> _Input material_
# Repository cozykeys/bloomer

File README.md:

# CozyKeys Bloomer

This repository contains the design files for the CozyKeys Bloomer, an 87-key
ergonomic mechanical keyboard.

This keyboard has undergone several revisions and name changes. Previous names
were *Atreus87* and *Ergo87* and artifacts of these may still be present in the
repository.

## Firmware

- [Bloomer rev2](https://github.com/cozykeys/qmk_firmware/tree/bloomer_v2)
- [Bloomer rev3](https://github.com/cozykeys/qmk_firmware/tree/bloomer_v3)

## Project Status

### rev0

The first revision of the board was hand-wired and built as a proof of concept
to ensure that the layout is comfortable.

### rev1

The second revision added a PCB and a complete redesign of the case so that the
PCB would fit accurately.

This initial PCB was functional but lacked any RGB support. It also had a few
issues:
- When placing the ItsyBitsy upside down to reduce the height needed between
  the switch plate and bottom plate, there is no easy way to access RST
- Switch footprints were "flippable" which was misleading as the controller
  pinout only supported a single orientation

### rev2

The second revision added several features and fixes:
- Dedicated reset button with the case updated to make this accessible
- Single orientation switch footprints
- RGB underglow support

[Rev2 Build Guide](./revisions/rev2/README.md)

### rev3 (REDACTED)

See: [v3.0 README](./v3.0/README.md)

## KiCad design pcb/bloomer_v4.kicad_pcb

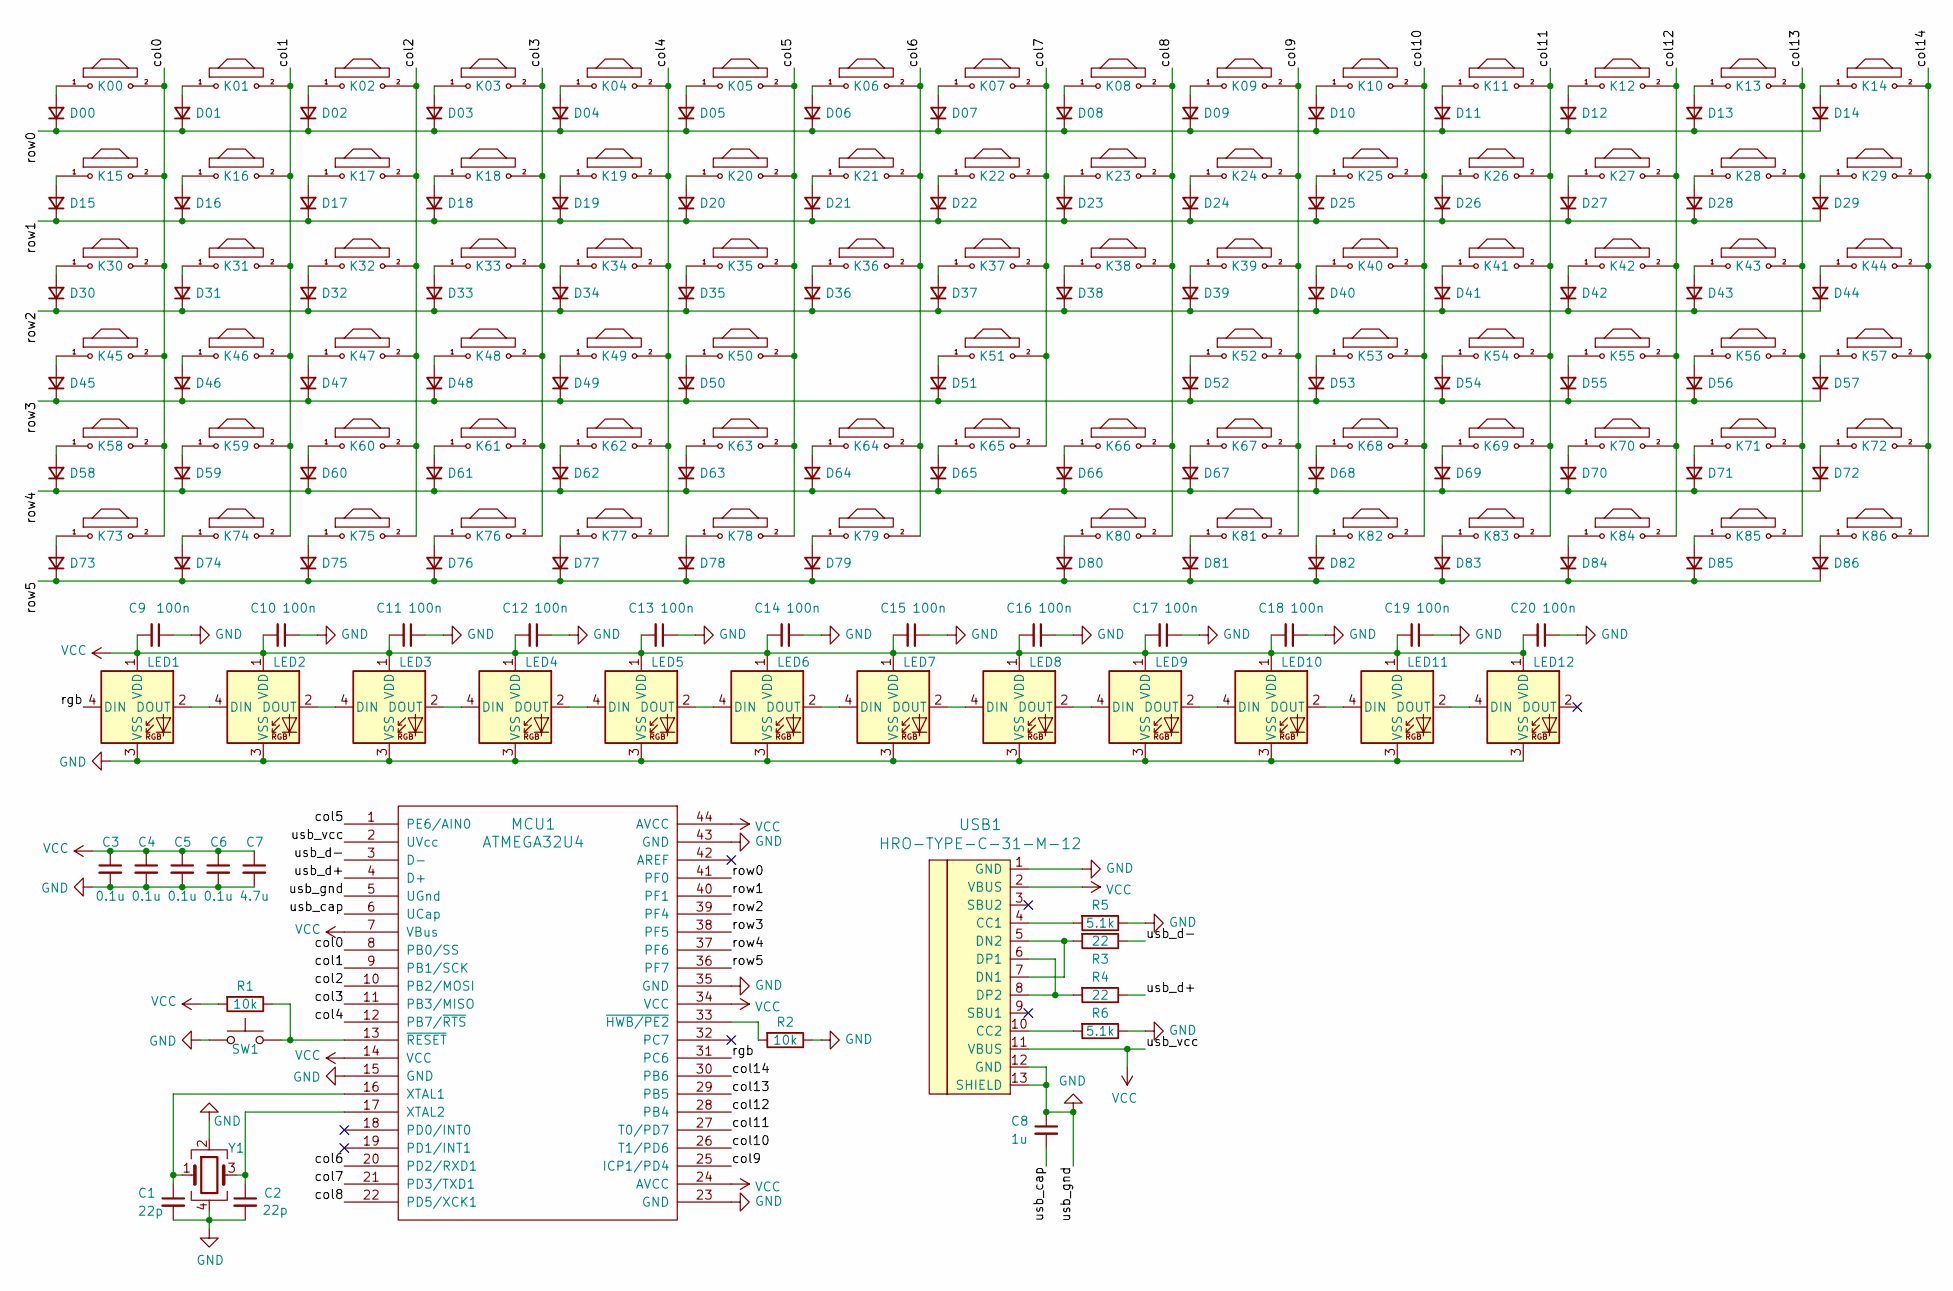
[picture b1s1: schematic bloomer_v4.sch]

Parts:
C1, C2: 22p; C_0805_2012Metric_Pad1.18x1.45mm_HandSolder
C3, C4, C5, C6: 0.1u; C_0805_2012Metric_Pad1.18x1.45mm_HandSolder
C7: 4.7u; C_0805_2012Metric_Pad1.18x1.45mm_HandSolder
C8: 1u; C_0805_2012Metric_Pad1.18x1.45mm_HandSolder
C9, C10, C11, C12, C13, C14, C15, C16, C17, C18, C19, C20: 100n; C_0805_2012Metric_Pad1.18x1.45mm_HandSolder
D00, D01, D02, D03, D04, D05, D06, D07, D08, D09, D10, D11, D12, D13, D14, D15, D16, D17, D18, D19, D20, D21, D22, D23, D24, D25, D26, D27, D28, D29, D30, D31, D32, D33, D34, D35, D36, D37, D38, D39, D40, D41, D42, D43, D44, D45, D46, D47, D48, D49, D50, D51, D52, D53, D54, D55, D56, D57, D58, D59, D60, D61, D62, D63, D64, D65, D66, D67, D68, D69, D70, D71, D72, D73, D74, D75, D76, D77, D78, D79, D80, D81, D82, D83, D84, D85, D86: D_Small; Diode-dual
K00, K01, K02, K03, K04, K05, K06, K07, K08, K09, K10, K11, K12, K13, K14, K15, K16, K17, K18, K19, K20, K21, K22, K23, K24, K25, K26, K27, K28, K29, K30, K31, K32, K33, K34, K35, K36, K37, K38, K39, K40, K41, K42, K43, K44, K45, K46, K47, K48, K49, K50, K51, K52, K53, K54, K55, K56, K57, K58, K59, K60, K61, K62, K63, K64, K65, K66, K67, K68, K69, K70, K71, K72, K73, K74, K75, K76, K77, K78, K79, K80, K81, K82, K83, K84, K85, K86: MX; MX_1.00u
LED1, LED2, LED3, LED4, LED5, LED6, LED7, LED8, LED9, LED10, LED11, LED12: WS2812B; LED_WS2812B_PLCC4_5.0x5.0mm_P3.2mm
MCU1: ATMEGA32U4; ATMEGA32U4-AU
R1, R2: 10k; R_0805_2012Metric_Pad1.20x1.40mm_HandSolder
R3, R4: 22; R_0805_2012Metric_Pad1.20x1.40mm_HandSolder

> _Task to carry out_
How many lines of these entries contain the string "footprints"? Reply with the number alone.

> _Your response_
2